# Logistic Regression

In this notebook, we will explore **Logistic Regression**, a classification algorithm used to predict discrete outcomes (e.g., Yes/No, Spam/Not Spam).

Unlike Linear Regression, Logistic Regression predicts probabilities using the **sigmoid function**:

\[ P(y=1|X) = \frac{1}{1 + e^{-(b_0 + b_1X)}} \]

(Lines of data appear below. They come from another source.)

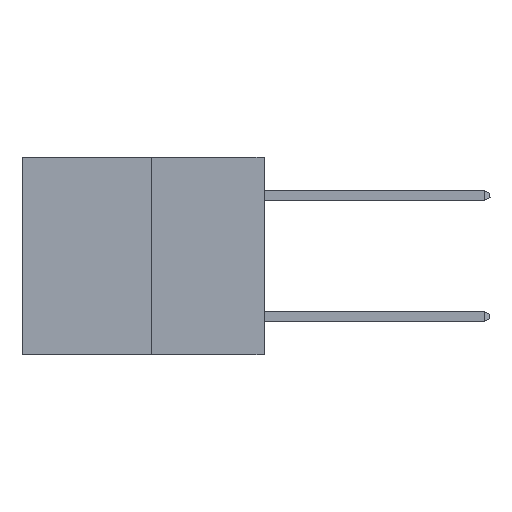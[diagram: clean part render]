
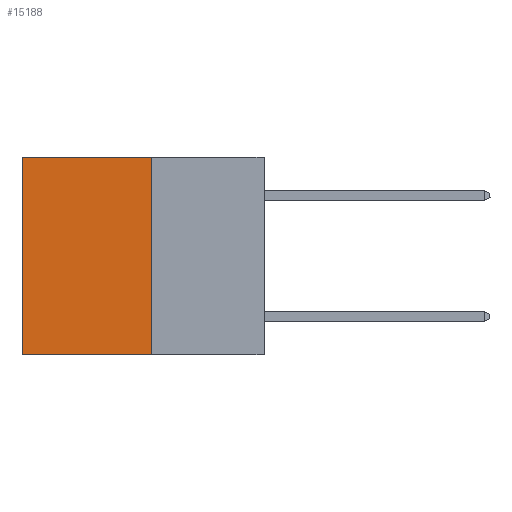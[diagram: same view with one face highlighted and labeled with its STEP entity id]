
A CAD part, left-side view. The second image highlights one B-rep face of the part: STEP entity #15188.
In plain terms, the highlighted planar face has unit normal (-1, 0, 0).
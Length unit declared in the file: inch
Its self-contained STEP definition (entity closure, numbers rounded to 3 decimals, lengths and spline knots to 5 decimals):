
#240 = VECTOR ( 'NONE', #19843, 39.37008 ) ;
#395 = DIRECTION ( 'NONE',  ( 0., 1., 0. ) ) ;
#1061 = VECTOR ( 'NONE', #22920, 39.37008 ) ;
#1067 = PLANE ( 'NONE',  #16421 ) ;
#1140 = VERTEX_POINT ( 'NONE', #22737 ) ;
#1197 = EDGE_CURVE ( 'NONE', #19330, #15195, #19032, .T. ) ;
#1281 = EDGE_CURVE ( 'NONE', #1140, #19848, #11405, .T. ) ;
#1384 = ORIENTED_EDGE ( 'NONE', *, *, #26502, .F. ) ;
#2869 = CARTESIAN_POINT ( 'NONE',  ( 0.3165, 0.28, -0.49 ) ) ;
#3675 = EDGE_CURVE ( 'NONE', #19848, #15195, #6114, .T. ) ;
#4596 = ORIENTED_EDGE ( 'NONE', *, *, #1281, .T. ) ;
#4925 = CARTESIAN_POINT ( 'NONE',  ( 0.3165, 0.28, 0. ) ) ;
#5079 = ORIENTED_EDGE ( 'NONE', *, *, #1197, .F. ) ;
#5807 = CARTESIAN_POINT ( 'NONE',  ( 0.3165, 0.28, -0.49 ) ) ;
#6114 = LINE ( 'NONE', #26507, #240 ) ;
#7243 = LINE ( 'NONE', #22715, #1061 ) ;
#7293 = FACE_OUTER_BOUND ( 'NONE', #9060, .T. ) ;
#9060 = EDGE_LOOP ( 'NONE', ( #11483, #5079, #1384, #4596 ) ) ;
#10021 = VECTOR ( 'NONE', #20975, 39.37008 ) ;
#11405 = LINE ( 'NONE', #4925, #10021 ) ;
#11483 = ORIENTED_EDGE ( 'NONE', *, *, #3675, .T. ) ;
#12097 = VECTOR ( 'NONE', #395, 39.37008 ) ;
#14205 = CARTESIAN_POINT ( 'NONE',  ( 0.3165, 0.6, -0.49 ) ) ;
#15188 = ADVANCED_FACE ( 'NONE', ( #7293 ), #1067, .F. ) ;
#15195 = VERTEX_POINT ( 'NONE', #14205 ) ;
#16421 = AXIS2_PLACEMENT_3D ( 'NONE', #5807, #21260, #25216 ) ;
#17470 = CARTESIAN_POINT ( 'NONE',  ( 0.3165, 0.6, 0. ) ) ;
#19032 = LINE ( 'NONE', #2869, #12097 ) ;
#19330 = VERTEX_POINT ( 'NONE', #26970 ) ;
#19843 = DIRECTION ( 'NONE',  ( 0., 0., -1. ) ) ;
#19848 = VERTEX_POINT ( 'NONE', #17470 ) ;
#20975 = DIRECTION ( 'NONE',  ( 0., 1., 0. ) ) ;
#21260 = DIRECTION ( 'NONE',  ( 1., 0., 0. ) ) ;
#22715 = CARTESIAN_POINT ( 'NONE',  ( 0.3165, 0.28, -0.49 ) ) ;
#22737 = CARTESIAN_POINT ( 'NONE',  ( 0.3165, 0.28, 0. ) ) ;
#22920 = DIRECTION ( 'NONE',  ( 0., 0., -1. ) ) ;
#25216 = DIRECTION ( 'NONE',  ( 0., 0., -1. ) ) ;
#26502 = EDGE_CURVE ( 'NONE', #1140, #19330, #7243, .T. ) ;
#26507 = CARTESIAN_POINT ( 'NONE',  ( 0.3165, 0.6, -0.49 ) ) ;
#26970 = CARTESIAN_POINT ( 'NONE',  ( 0.3165, 0.28, -0.49 ) ) ;

- If probability ≥ 0.5 → predict class 1
- If probability < 0.5 → predict class 0

## 1. Importing Libraries

In [None]:
import numpy as np
import pandas as pd
import matplotlib.pyplot as plt
import seaborn as sns
from sklearn.datasets import load_breast_cancer
from sklearn.model_selection import train_test_split
from sklearn.linear_model import LogisticRegression
from sklearn.metrics import accuracy_score, confusion_matrix, classification_report

## 2. Load Dataset
We’ll use the **Breast Cancer dataset**, a binary classification dataset.

In [None]:
data = load_breast_cancer()
X = data.data
y = data.target

print("Features:", data.feature_names[:5], "...")
print("Target names:", data.target_names)
print("Dataset shape:", X.shape)

## 3. Train-Test Split

In [None]:
X_train, X_test, y_train, y_test = train_test_split(X, y, test_size=0.3, random_state=42)
print("Training set:", X_train.shape)
print("Test set:", X_test.shape)

## 4. Train Logistic Regression Model

In [None]:
log_reg = LogisticRegression(max_iter=500)
log_reg.fit(X_train, y_train)

print("Coefficients shape:", log_reg.coef_.shape)
print("Intercept:", log_reg.intercept_)

## 5. Predictions

In [None]:
y_pred = log_reg.predict(X_test)
y_prob = log_reg.predict_proba(X_test)[:10]

print("Predictions:", y_pred[:10])
print("Probabilities:\n", y_prob)

## 6. Model Evaluation

In [None]:
print("Accuracy:", accuracy_score(y_test, y_pred))
print("Classification Report:\n", classification_report(y_test, y_pred, target_names=data.target_names))

cm = confusion_matrix(y_test, y_pred)
sns.heatmap(cm, annot=True, cmap="Blues", xticklabels=data.target_names, yticklabels=data.target_names)
plt.xlabel("Predicted")
plt.ylabel("Actual")
plt.title("Confusion Matrix")
plt.show()

## 7. Key Notes
- Logistic Regression is used for **binary and multiclass classification**.
- Outputs probabilities via the **sigmoid (binary)** or **softmax (multiclass)** function.
- Assumes linear relationship between input features and the log-odds of the outcome.
- Works well for linearly separable data.
- Evaluation metrics: Accuracy, Precision, Recall, F1-score, ROC-AUC.